Pijat Tui Na (Tuina) sebagai Terapi Komplementer untuk Kesehatan Anak dan Pencegahan Stunting
DOI:
https://doi.org/10.5281/vhfppx45Keywords:
Stunting, Kesehatan Masyarakat, Keterlambatan PerkembanganAbstract
Stunting merupakan salah satu persoalan kesehatan masyarakat yang masih menjadi tantangan di Indonesia, khususnya pada kelompok balita. Kondisi ini menggambarkan kegagalan pertumbuhan anak secara optimal akibat malnutrisi kronis, infeksi berulang, maupun kurangnya stimulasi perkembangan sejak periode awal kehidupan. Stunting bukan sekadar permasalahan tinggi badan di bawah standar, melainkan kondisi yang berdampak pada perkembangan kognitif, motorik, perilaku, hingga kualitas hidup anak di masa depan.
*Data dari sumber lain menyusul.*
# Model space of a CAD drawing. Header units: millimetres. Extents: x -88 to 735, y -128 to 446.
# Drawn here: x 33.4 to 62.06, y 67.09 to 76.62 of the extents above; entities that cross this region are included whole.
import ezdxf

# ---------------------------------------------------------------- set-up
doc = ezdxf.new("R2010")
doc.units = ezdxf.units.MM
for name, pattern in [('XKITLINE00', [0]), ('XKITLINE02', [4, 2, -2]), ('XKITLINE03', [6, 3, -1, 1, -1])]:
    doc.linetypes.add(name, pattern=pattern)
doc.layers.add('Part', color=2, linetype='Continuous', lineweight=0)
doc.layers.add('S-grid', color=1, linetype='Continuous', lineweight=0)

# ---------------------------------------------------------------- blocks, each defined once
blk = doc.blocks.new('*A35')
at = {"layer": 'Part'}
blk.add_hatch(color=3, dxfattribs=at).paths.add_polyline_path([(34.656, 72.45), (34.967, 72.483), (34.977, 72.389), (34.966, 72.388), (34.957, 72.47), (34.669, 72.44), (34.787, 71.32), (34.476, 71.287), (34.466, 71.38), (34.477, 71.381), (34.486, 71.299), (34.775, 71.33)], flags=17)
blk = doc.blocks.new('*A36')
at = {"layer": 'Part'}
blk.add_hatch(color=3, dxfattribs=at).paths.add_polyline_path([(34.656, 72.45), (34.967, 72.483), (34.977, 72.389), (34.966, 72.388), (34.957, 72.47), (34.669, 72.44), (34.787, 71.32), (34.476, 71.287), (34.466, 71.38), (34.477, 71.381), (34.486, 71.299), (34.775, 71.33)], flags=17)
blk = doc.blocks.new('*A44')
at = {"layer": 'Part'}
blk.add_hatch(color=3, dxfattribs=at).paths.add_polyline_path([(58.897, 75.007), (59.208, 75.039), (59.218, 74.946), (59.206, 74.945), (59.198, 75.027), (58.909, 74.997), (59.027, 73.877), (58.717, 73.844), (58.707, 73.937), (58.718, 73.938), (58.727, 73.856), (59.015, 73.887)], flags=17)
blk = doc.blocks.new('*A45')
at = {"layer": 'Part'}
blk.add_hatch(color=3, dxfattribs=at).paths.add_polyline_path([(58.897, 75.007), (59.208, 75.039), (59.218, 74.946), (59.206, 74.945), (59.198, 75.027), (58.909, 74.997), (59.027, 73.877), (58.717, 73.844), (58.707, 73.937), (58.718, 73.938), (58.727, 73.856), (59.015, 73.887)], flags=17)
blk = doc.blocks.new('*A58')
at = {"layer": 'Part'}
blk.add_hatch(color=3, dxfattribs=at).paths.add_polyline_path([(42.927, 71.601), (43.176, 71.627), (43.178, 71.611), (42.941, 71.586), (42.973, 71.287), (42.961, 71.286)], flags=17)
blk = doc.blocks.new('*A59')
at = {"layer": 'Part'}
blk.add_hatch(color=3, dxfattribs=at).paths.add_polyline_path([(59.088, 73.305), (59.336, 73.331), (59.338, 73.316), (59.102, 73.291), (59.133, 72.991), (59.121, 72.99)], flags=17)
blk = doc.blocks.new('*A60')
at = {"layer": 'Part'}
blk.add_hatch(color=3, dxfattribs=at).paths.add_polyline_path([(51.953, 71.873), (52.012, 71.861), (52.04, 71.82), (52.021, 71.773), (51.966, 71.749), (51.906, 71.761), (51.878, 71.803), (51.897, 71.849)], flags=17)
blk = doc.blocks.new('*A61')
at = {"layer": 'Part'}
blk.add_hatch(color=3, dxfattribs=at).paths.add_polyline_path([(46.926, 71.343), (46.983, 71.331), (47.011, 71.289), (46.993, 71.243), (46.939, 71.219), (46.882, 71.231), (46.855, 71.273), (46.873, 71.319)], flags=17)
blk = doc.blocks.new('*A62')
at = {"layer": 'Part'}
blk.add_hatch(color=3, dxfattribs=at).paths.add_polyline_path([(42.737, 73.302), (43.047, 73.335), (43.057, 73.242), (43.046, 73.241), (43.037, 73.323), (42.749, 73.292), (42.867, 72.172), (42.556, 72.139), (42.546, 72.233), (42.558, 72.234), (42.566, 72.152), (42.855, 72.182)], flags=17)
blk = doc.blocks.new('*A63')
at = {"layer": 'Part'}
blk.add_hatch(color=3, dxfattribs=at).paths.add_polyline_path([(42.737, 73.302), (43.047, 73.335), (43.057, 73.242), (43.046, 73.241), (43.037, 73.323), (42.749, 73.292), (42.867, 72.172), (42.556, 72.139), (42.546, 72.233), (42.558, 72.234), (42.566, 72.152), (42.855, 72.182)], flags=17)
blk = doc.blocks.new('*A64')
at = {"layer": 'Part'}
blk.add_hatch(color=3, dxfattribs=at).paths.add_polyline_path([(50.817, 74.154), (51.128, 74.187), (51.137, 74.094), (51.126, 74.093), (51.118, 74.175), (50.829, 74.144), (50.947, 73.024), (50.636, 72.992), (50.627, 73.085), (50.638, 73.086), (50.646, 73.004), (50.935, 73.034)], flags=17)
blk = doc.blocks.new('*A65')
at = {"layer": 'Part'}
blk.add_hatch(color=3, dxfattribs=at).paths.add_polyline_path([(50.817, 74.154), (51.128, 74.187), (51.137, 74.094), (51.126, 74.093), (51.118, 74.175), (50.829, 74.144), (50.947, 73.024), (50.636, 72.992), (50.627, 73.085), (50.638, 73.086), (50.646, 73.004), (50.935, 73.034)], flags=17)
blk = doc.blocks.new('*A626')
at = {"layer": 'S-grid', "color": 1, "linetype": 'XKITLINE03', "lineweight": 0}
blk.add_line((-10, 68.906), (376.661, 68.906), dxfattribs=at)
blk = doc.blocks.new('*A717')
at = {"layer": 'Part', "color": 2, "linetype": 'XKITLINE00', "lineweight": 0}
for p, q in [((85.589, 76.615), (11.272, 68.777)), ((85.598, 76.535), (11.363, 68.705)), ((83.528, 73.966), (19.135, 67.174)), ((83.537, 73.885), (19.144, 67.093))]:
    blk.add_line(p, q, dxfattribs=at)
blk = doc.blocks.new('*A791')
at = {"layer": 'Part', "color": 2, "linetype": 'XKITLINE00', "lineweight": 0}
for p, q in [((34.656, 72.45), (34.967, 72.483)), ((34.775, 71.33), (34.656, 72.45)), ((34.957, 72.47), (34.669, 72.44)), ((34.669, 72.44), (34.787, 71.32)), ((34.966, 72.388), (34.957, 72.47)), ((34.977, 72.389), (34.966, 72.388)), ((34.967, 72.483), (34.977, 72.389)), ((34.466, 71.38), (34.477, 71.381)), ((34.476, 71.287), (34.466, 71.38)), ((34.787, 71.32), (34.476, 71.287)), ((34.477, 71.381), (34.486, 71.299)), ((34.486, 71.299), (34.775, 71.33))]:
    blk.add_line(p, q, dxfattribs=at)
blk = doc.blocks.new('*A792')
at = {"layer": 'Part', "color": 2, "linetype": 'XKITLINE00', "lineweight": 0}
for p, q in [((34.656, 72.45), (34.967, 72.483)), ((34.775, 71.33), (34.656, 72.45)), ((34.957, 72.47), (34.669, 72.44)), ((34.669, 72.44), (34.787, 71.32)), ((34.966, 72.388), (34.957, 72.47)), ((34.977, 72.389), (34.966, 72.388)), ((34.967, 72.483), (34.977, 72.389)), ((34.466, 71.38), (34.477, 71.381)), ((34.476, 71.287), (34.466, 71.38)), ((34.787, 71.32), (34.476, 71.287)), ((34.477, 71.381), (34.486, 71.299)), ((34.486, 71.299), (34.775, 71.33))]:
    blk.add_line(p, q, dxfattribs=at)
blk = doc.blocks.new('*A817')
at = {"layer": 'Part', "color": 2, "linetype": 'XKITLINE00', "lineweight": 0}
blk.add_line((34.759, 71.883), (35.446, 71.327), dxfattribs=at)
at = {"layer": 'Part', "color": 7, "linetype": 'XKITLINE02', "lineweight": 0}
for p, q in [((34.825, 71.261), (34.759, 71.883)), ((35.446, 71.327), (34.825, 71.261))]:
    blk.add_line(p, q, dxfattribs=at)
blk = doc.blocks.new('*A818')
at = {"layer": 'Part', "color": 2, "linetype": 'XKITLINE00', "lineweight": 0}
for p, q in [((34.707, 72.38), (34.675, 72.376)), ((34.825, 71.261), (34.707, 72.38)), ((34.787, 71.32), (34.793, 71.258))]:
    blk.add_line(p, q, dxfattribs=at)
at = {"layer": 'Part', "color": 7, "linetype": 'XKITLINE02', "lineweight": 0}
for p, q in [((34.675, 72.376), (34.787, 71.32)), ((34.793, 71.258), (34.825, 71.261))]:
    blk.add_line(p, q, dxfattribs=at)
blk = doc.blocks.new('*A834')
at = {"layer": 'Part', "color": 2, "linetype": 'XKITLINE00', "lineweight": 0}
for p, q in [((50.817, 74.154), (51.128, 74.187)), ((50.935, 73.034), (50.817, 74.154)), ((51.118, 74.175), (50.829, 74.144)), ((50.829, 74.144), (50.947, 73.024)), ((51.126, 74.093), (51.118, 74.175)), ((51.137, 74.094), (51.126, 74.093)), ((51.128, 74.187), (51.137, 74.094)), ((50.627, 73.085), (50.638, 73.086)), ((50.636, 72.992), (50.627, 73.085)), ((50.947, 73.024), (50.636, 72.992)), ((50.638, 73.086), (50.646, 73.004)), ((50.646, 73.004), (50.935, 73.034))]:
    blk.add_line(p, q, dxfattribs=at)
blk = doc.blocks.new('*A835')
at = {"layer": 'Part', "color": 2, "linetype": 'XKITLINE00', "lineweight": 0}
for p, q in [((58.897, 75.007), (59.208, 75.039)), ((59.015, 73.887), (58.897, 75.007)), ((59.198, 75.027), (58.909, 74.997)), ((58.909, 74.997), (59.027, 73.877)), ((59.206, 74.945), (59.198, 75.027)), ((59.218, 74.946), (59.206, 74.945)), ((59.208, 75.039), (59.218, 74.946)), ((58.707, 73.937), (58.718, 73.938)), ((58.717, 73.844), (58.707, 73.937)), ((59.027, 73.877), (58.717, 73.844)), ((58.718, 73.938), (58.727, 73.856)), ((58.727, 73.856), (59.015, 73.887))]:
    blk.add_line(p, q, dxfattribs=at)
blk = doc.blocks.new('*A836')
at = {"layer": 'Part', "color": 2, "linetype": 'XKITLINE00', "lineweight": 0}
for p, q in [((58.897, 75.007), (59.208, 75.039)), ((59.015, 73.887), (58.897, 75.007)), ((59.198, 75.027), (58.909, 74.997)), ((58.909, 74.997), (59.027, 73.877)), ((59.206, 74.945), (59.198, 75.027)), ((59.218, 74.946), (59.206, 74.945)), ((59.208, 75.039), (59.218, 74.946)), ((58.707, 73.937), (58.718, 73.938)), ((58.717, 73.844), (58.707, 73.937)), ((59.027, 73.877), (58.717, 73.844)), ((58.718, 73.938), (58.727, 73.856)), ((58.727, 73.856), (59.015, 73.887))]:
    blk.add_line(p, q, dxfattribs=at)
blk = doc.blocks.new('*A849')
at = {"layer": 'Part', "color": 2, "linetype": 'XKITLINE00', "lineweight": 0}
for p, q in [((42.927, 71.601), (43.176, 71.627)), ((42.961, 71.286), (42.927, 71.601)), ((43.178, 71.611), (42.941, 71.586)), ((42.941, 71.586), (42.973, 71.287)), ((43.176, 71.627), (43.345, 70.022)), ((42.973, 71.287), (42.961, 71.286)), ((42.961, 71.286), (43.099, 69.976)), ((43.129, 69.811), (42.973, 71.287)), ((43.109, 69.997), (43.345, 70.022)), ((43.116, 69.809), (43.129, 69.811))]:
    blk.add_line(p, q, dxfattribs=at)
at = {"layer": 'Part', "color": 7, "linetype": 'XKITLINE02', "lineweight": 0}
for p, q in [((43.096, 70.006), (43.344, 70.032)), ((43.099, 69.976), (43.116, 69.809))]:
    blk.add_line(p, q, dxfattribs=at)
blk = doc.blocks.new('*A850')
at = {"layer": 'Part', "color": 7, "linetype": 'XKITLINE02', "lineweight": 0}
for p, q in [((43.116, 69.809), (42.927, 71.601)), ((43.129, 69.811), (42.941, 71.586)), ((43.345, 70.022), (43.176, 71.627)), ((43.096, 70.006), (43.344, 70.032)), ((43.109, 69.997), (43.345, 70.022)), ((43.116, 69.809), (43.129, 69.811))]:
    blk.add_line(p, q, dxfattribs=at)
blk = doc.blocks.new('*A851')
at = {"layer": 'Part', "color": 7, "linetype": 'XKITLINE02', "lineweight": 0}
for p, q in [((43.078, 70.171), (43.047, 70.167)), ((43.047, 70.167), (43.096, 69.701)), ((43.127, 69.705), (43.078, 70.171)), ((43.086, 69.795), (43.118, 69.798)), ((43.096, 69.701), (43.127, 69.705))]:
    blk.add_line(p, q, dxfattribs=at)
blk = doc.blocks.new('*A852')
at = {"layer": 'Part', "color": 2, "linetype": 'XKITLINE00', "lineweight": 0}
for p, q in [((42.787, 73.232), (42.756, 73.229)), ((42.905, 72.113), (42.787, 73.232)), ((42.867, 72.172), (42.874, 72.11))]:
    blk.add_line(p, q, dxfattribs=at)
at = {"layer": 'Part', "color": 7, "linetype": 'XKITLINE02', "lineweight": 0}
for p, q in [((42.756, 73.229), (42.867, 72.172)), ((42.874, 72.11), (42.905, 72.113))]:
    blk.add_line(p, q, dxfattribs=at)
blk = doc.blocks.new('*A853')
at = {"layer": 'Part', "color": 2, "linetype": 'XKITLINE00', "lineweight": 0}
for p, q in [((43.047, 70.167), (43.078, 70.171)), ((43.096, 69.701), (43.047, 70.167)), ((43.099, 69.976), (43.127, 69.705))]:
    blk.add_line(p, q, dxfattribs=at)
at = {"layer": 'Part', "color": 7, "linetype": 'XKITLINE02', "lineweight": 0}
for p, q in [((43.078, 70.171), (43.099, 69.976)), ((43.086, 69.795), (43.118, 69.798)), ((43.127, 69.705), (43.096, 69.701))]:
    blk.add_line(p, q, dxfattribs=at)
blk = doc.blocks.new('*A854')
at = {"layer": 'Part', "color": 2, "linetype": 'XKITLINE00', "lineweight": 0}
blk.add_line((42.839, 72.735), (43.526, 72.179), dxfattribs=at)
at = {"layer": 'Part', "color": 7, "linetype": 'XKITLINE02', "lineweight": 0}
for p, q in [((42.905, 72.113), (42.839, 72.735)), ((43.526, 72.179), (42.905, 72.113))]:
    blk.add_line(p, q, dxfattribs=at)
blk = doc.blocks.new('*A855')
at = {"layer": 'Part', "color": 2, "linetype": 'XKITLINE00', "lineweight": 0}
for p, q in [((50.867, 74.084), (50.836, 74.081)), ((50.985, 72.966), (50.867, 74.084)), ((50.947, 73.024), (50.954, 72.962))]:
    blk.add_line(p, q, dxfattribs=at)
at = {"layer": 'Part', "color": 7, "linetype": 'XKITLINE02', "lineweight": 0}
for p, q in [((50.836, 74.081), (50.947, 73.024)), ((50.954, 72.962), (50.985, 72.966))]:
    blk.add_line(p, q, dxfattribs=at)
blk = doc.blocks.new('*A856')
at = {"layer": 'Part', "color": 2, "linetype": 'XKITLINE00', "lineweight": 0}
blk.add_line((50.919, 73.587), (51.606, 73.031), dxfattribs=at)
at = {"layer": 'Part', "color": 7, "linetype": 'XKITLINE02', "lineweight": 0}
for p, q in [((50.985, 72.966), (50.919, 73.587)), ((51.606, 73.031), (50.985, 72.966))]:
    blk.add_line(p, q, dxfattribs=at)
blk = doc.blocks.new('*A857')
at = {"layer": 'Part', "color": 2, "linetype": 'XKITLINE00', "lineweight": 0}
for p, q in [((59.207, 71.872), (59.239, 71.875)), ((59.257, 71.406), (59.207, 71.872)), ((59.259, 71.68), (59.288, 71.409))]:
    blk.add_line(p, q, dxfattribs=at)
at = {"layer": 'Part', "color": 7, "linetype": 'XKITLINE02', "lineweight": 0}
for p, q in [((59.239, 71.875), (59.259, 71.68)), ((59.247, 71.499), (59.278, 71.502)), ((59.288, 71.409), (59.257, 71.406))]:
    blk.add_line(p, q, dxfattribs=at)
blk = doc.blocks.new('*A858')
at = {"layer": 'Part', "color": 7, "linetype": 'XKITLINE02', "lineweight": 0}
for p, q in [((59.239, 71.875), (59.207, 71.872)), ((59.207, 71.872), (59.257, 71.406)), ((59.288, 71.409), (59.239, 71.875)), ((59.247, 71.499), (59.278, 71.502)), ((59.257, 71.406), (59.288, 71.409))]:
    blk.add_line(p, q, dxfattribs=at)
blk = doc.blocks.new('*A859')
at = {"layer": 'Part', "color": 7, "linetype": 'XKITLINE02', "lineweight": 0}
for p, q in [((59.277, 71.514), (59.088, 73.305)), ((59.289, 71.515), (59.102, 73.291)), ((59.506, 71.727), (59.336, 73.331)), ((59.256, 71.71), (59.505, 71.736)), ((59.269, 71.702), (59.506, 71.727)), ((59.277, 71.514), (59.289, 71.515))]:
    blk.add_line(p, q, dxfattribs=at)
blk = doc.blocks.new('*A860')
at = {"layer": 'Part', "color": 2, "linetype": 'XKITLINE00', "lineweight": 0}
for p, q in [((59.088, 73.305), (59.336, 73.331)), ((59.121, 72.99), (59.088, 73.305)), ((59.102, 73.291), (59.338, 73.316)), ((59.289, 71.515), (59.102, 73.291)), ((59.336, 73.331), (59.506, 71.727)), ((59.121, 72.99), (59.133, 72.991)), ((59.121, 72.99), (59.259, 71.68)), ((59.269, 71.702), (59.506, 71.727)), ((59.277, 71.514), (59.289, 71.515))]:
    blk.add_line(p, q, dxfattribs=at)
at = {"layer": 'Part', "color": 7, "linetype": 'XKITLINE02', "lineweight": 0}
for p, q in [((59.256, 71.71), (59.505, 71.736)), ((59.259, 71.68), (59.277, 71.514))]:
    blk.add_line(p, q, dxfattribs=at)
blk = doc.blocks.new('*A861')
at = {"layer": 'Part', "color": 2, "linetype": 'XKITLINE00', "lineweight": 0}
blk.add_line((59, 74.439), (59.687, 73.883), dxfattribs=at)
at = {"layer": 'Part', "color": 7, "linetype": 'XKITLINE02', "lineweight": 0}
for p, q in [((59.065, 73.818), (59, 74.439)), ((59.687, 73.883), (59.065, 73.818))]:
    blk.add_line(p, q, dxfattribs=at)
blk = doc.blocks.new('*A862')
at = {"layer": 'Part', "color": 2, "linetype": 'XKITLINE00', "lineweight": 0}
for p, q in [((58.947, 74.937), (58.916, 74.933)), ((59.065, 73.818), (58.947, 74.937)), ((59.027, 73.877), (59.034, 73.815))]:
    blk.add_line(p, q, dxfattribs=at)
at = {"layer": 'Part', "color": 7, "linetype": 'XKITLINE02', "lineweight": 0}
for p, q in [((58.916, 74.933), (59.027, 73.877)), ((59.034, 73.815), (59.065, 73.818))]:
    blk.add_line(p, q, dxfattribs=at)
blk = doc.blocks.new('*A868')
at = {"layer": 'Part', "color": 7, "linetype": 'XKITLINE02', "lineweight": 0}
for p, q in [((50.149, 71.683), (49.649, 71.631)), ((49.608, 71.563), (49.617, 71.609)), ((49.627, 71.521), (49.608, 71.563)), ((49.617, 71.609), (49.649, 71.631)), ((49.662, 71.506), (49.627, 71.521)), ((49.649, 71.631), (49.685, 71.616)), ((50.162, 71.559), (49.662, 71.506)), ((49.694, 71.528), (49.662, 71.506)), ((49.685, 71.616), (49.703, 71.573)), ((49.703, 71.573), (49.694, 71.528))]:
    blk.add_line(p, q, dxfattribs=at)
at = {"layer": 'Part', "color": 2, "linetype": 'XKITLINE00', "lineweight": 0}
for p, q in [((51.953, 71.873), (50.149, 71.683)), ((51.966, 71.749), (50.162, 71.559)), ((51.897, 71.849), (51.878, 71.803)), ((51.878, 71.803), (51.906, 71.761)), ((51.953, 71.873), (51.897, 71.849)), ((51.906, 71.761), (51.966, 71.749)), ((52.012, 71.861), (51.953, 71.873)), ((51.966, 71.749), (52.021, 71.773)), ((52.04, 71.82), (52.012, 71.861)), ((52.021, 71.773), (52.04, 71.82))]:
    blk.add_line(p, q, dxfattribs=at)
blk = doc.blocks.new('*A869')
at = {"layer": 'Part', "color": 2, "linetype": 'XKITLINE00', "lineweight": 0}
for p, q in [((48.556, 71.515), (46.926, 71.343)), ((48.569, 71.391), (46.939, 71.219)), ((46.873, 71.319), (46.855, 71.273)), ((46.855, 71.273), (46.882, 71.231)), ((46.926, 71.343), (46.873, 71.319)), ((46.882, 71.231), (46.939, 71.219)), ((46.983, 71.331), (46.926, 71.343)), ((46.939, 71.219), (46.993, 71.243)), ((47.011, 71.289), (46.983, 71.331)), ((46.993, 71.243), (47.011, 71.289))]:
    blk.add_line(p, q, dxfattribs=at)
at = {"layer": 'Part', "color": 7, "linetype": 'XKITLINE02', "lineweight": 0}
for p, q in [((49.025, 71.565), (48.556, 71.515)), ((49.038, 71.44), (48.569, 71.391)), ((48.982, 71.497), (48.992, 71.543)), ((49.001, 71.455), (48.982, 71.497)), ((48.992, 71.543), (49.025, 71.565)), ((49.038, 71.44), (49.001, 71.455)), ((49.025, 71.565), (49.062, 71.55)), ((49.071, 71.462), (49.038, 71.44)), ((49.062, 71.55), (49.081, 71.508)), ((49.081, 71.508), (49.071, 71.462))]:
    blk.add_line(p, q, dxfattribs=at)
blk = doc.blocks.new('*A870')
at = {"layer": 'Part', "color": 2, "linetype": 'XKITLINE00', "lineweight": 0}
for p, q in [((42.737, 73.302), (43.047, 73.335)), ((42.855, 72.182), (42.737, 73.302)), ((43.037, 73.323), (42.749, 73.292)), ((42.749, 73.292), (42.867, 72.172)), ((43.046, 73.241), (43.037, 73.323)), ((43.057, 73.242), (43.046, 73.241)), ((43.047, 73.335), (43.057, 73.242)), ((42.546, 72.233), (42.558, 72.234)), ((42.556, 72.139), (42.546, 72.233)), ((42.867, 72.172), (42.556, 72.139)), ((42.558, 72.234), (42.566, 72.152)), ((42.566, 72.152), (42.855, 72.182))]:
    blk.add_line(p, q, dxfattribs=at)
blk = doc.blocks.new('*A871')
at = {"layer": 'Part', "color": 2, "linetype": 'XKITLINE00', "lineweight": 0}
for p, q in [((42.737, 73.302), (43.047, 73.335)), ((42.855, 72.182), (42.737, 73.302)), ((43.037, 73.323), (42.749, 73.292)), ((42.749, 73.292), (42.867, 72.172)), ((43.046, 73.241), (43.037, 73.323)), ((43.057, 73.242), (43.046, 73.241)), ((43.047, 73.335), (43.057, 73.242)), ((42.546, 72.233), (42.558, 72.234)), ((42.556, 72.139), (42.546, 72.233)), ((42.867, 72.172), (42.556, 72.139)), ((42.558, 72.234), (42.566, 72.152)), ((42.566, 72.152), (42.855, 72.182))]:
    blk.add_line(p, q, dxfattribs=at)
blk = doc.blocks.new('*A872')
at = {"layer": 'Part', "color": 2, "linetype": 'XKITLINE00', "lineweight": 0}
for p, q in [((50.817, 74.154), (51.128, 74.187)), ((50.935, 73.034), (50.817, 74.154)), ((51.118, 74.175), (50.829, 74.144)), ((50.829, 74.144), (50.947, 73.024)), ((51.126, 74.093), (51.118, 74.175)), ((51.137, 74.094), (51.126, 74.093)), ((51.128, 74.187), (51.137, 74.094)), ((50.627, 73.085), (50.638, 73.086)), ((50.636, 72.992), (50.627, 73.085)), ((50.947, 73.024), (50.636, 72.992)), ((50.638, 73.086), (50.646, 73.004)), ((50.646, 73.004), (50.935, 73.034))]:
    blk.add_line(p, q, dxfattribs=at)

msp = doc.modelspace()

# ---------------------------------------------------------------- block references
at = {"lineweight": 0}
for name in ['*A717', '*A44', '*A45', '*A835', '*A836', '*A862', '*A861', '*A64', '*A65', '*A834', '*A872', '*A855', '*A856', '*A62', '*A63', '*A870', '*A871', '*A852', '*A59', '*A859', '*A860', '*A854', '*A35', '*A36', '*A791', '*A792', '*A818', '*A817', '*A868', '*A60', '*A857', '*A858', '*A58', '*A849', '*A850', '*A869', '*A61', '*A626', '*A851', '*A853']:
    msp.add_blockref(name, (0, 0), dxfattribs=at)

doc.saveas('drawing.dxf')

Secara epidemiologis, prevalensi stunting menjadi indikator penting yang mencerminkan kualitas kesehatan generasi suatu bangsa. Anak yang mengalami stunting berisiko mengalami keterlambatan perkembangan, rendahnya kemampuan akademik, peningkatan risiko penyakit kronis pada usia dewasa, serta berkurangnya produktivitas kerja. Oleh karena itu, penanganan stunting bukan hanya persoalan medis, tetapi berkaitan erat dengan faktor sosial, ekonomi, dan pola pengasuhan keluarga.